WHAT THE TASK ASKS
Take the lines below from the one with "## KiCad design 820.kicad_pcb" through the one with "[picture b1s1b: schematic" and retype them exactly. Include nothing else, and no pictures.

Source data
....................

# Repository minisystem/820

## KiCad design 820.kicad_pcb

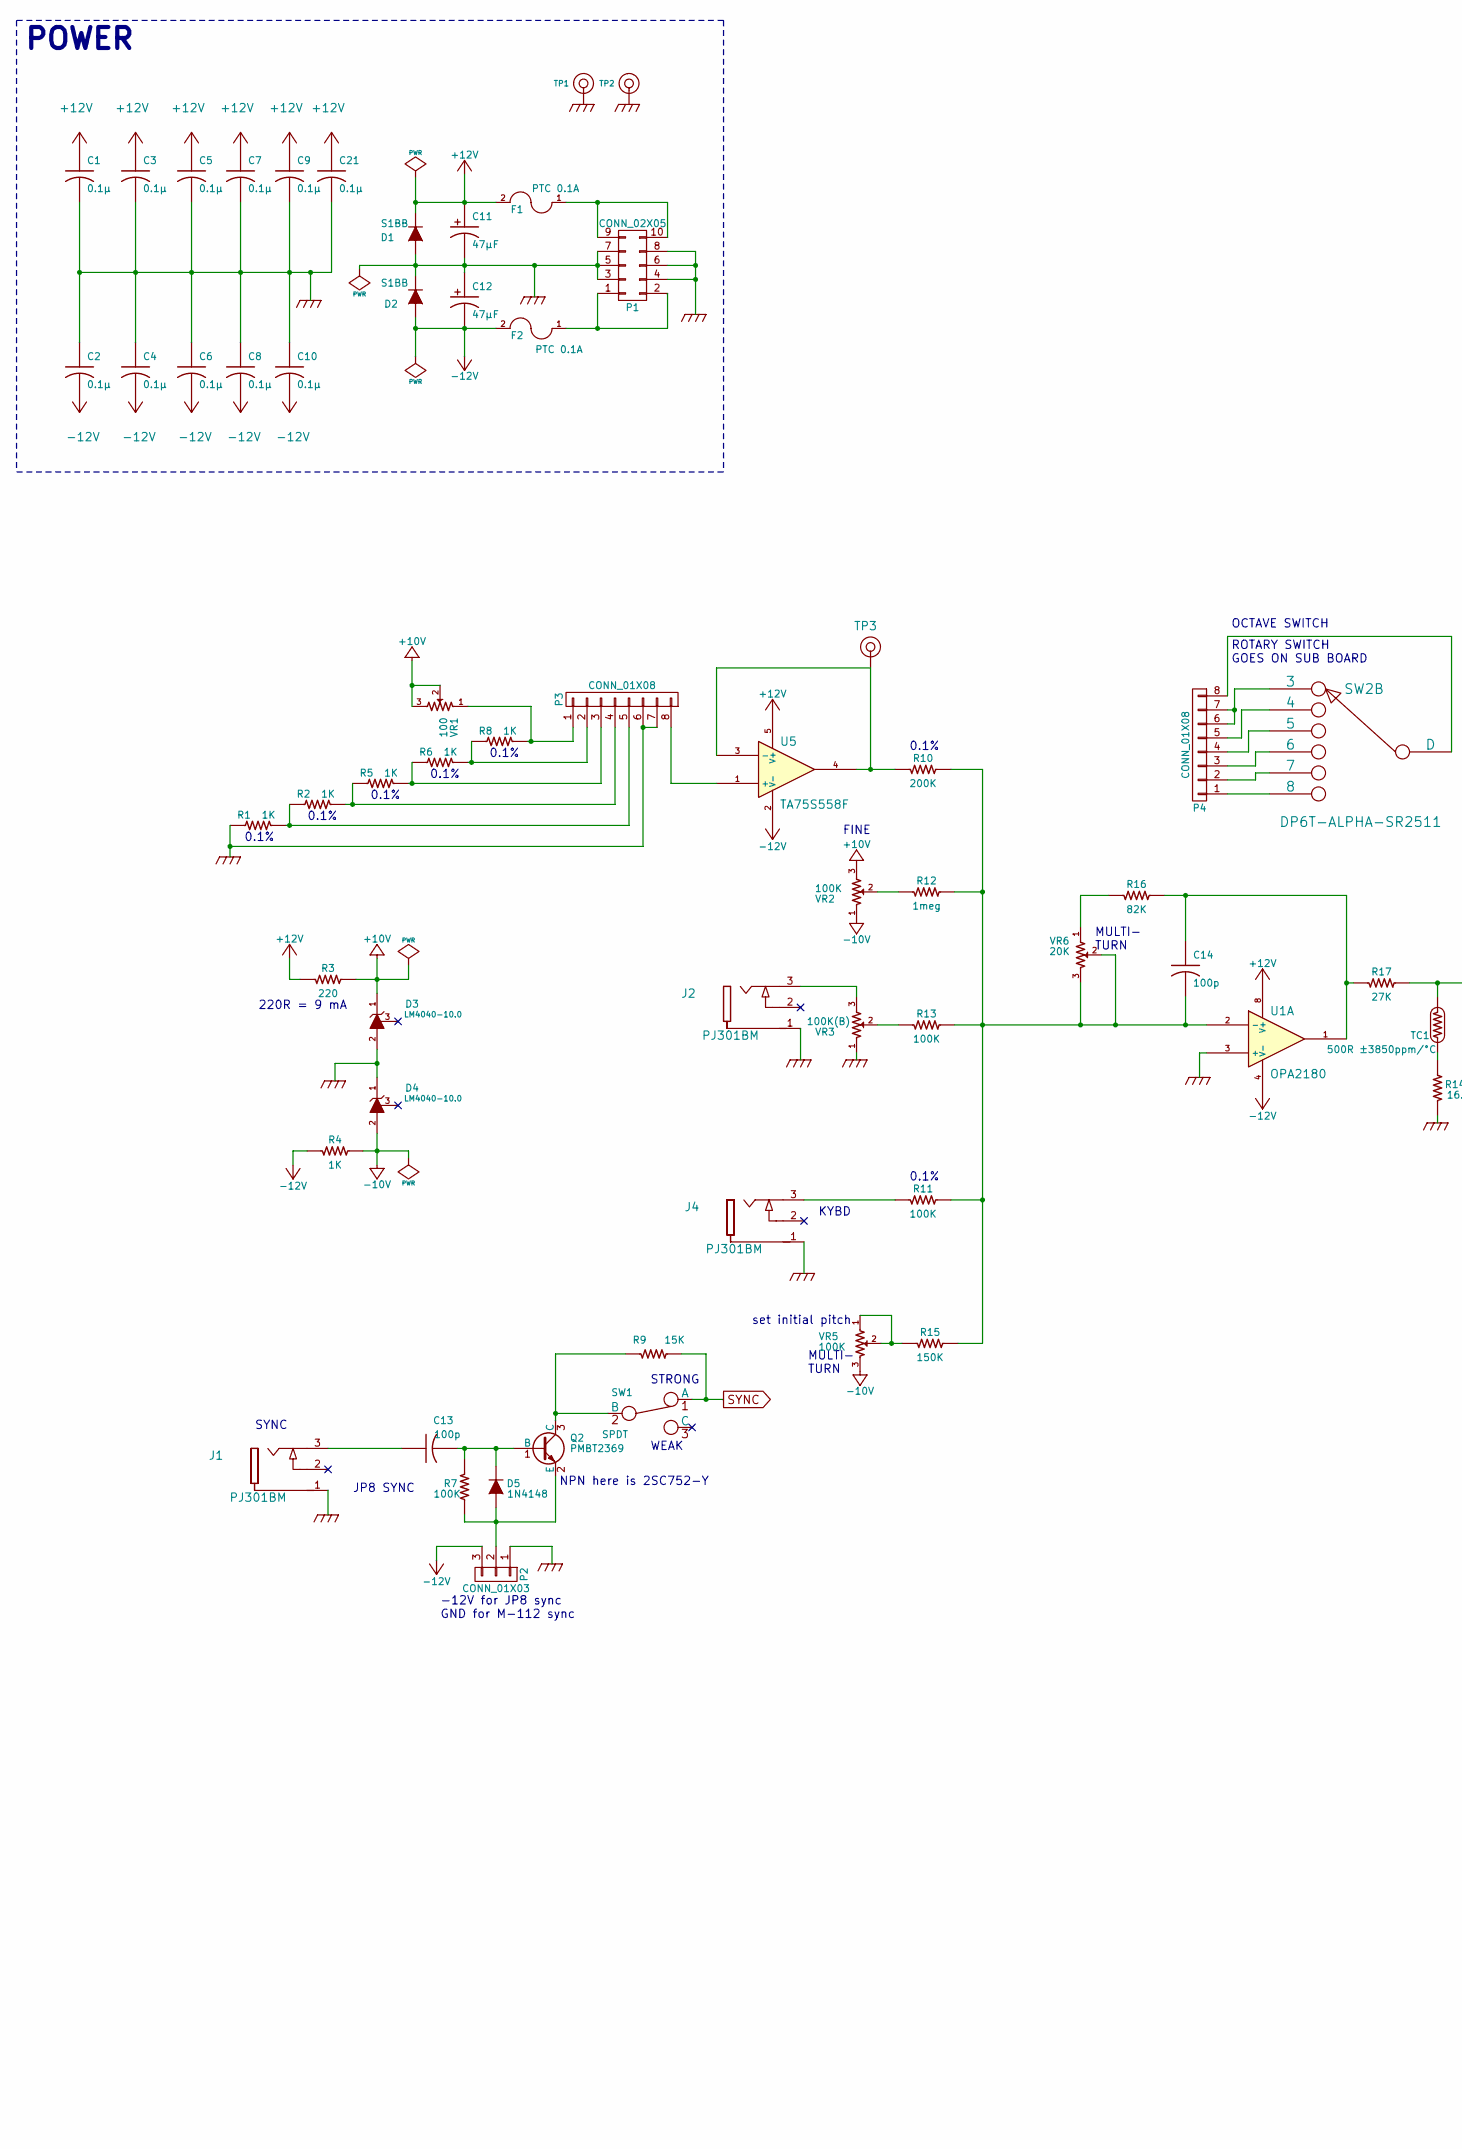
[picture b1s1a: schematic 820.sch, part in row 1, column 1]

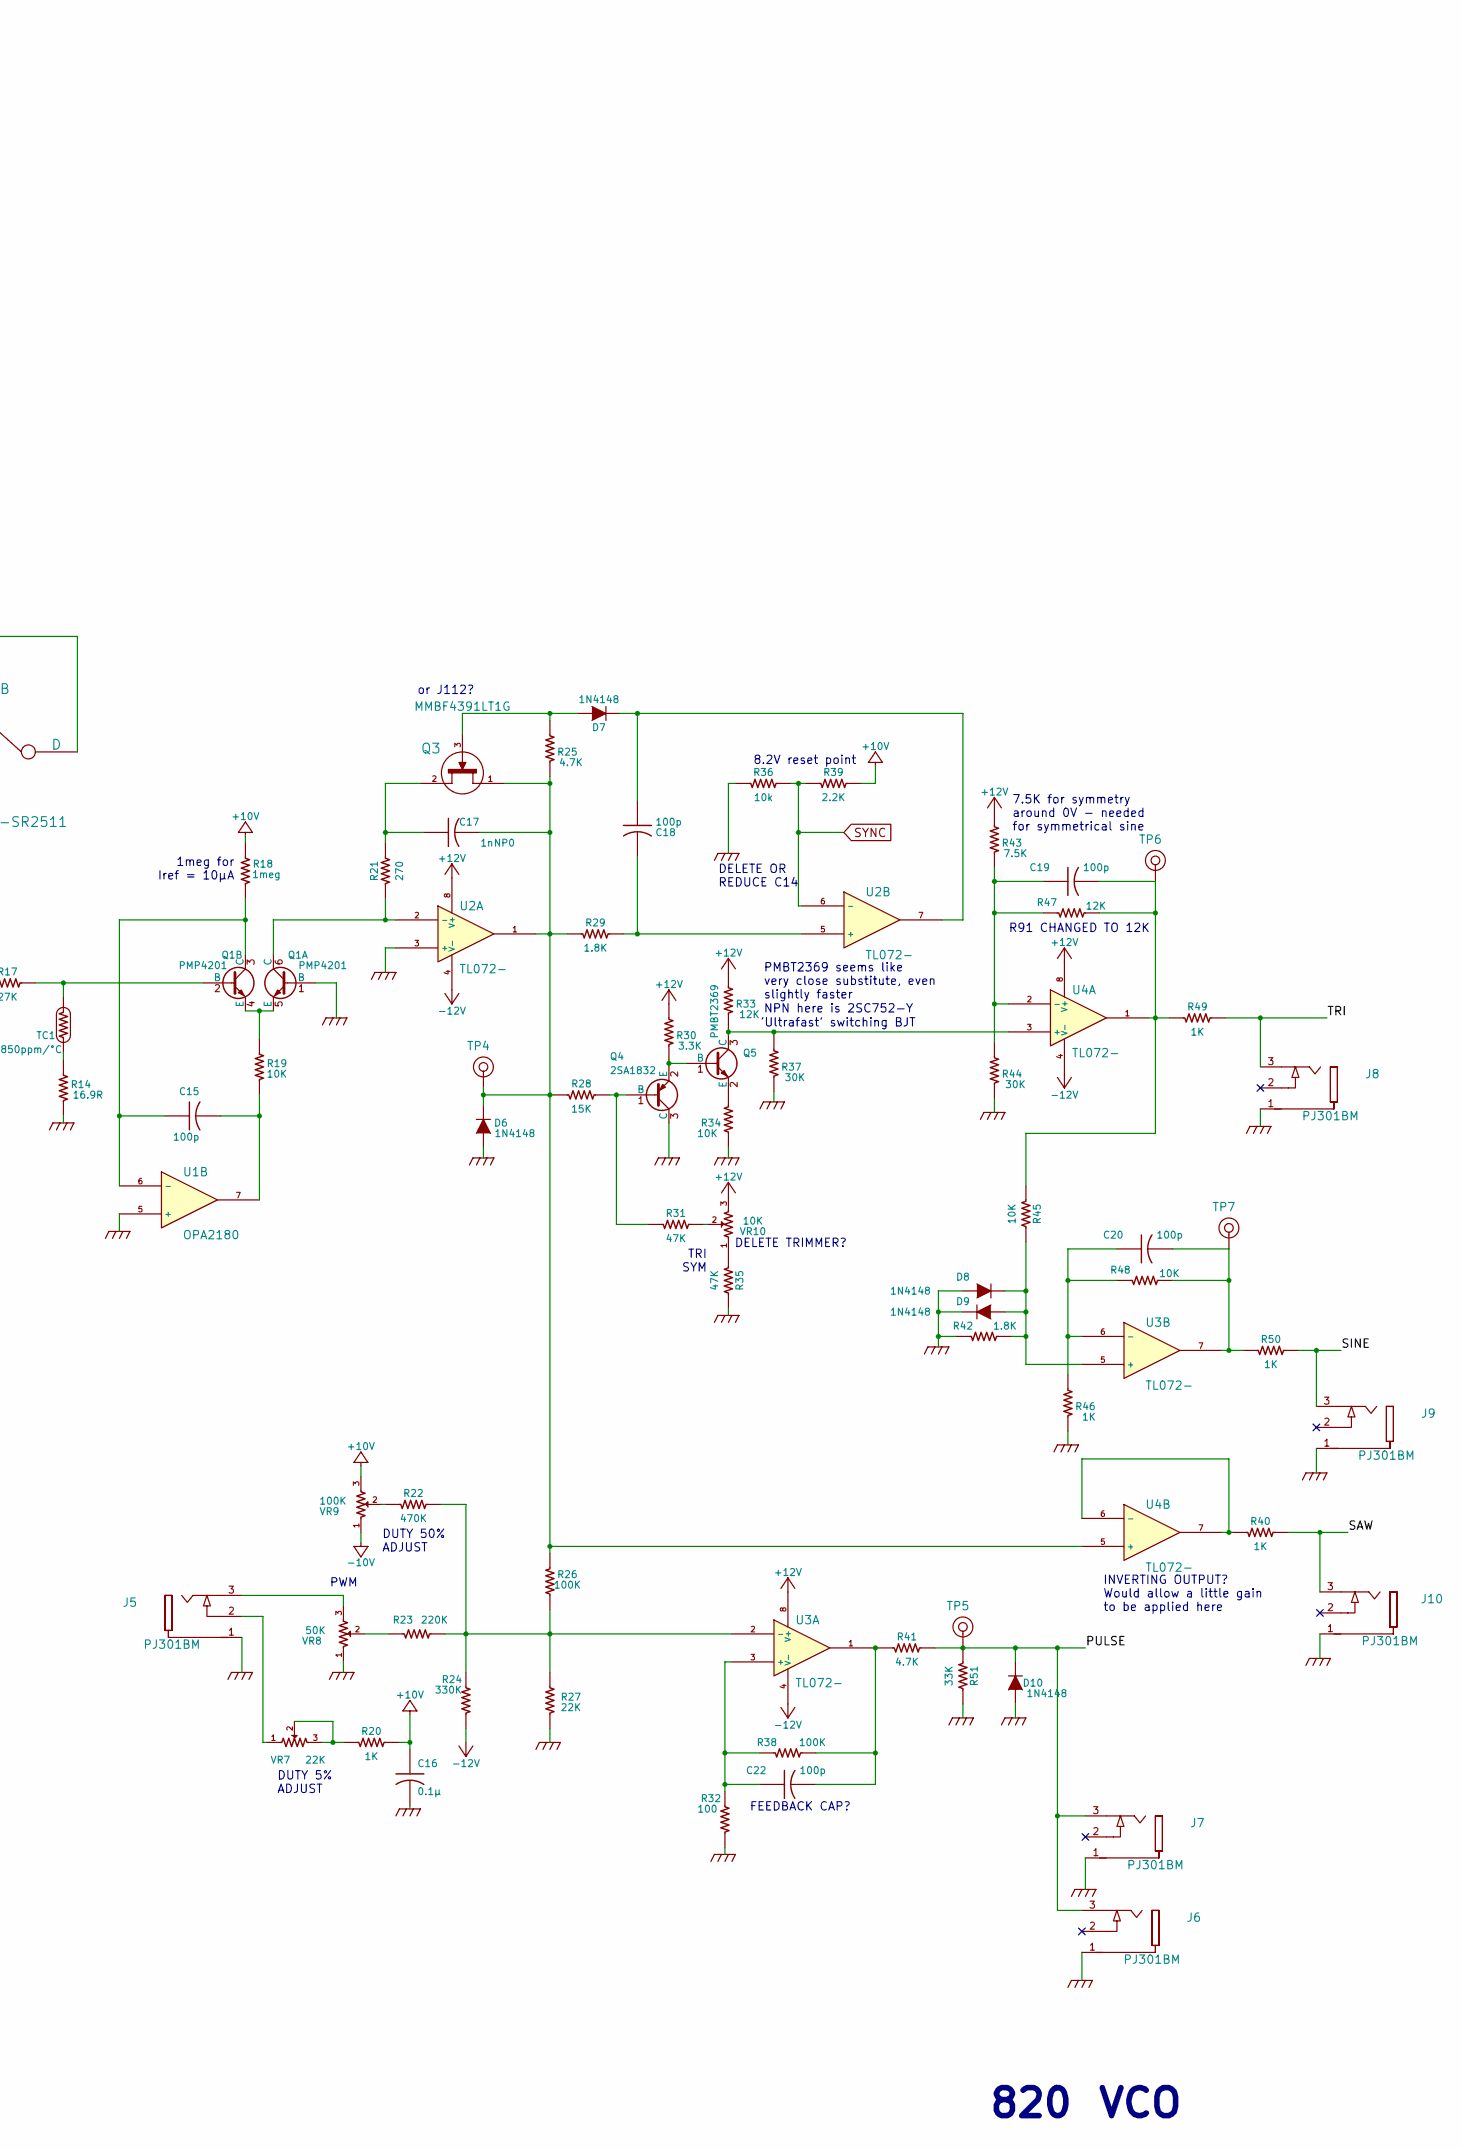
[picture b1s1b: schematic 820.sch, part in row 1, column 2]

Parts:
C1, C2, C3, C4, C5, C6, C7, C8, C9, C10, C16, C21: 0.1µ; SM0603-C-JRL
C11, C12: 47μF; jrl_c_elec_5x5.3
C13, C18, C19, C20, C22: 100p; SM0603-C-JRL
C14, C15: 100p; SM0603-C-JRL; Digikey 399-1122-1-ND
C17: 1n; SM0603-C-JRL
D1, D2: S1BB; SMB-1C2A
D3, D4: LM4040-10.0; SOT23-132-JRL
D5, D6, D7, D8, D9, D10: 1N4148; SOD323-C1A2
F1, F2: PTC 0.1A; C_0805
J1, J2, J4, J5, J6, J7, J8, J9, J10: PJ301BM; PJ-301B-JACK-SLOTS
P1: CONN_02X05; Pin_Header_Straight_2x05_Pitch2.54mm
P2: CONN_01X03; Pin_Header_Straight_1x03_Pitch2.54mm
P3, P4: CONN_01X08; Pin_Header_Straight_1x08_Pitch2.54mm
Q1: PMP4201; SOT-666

....................

TASK ANSWER
## KiCad design 820.kicad_pcb

[picture b1s1a: schematic 820.sch, part in row 1, column 1]

[picture b1s1b: schematic 820.sch, part in row 1, column 2]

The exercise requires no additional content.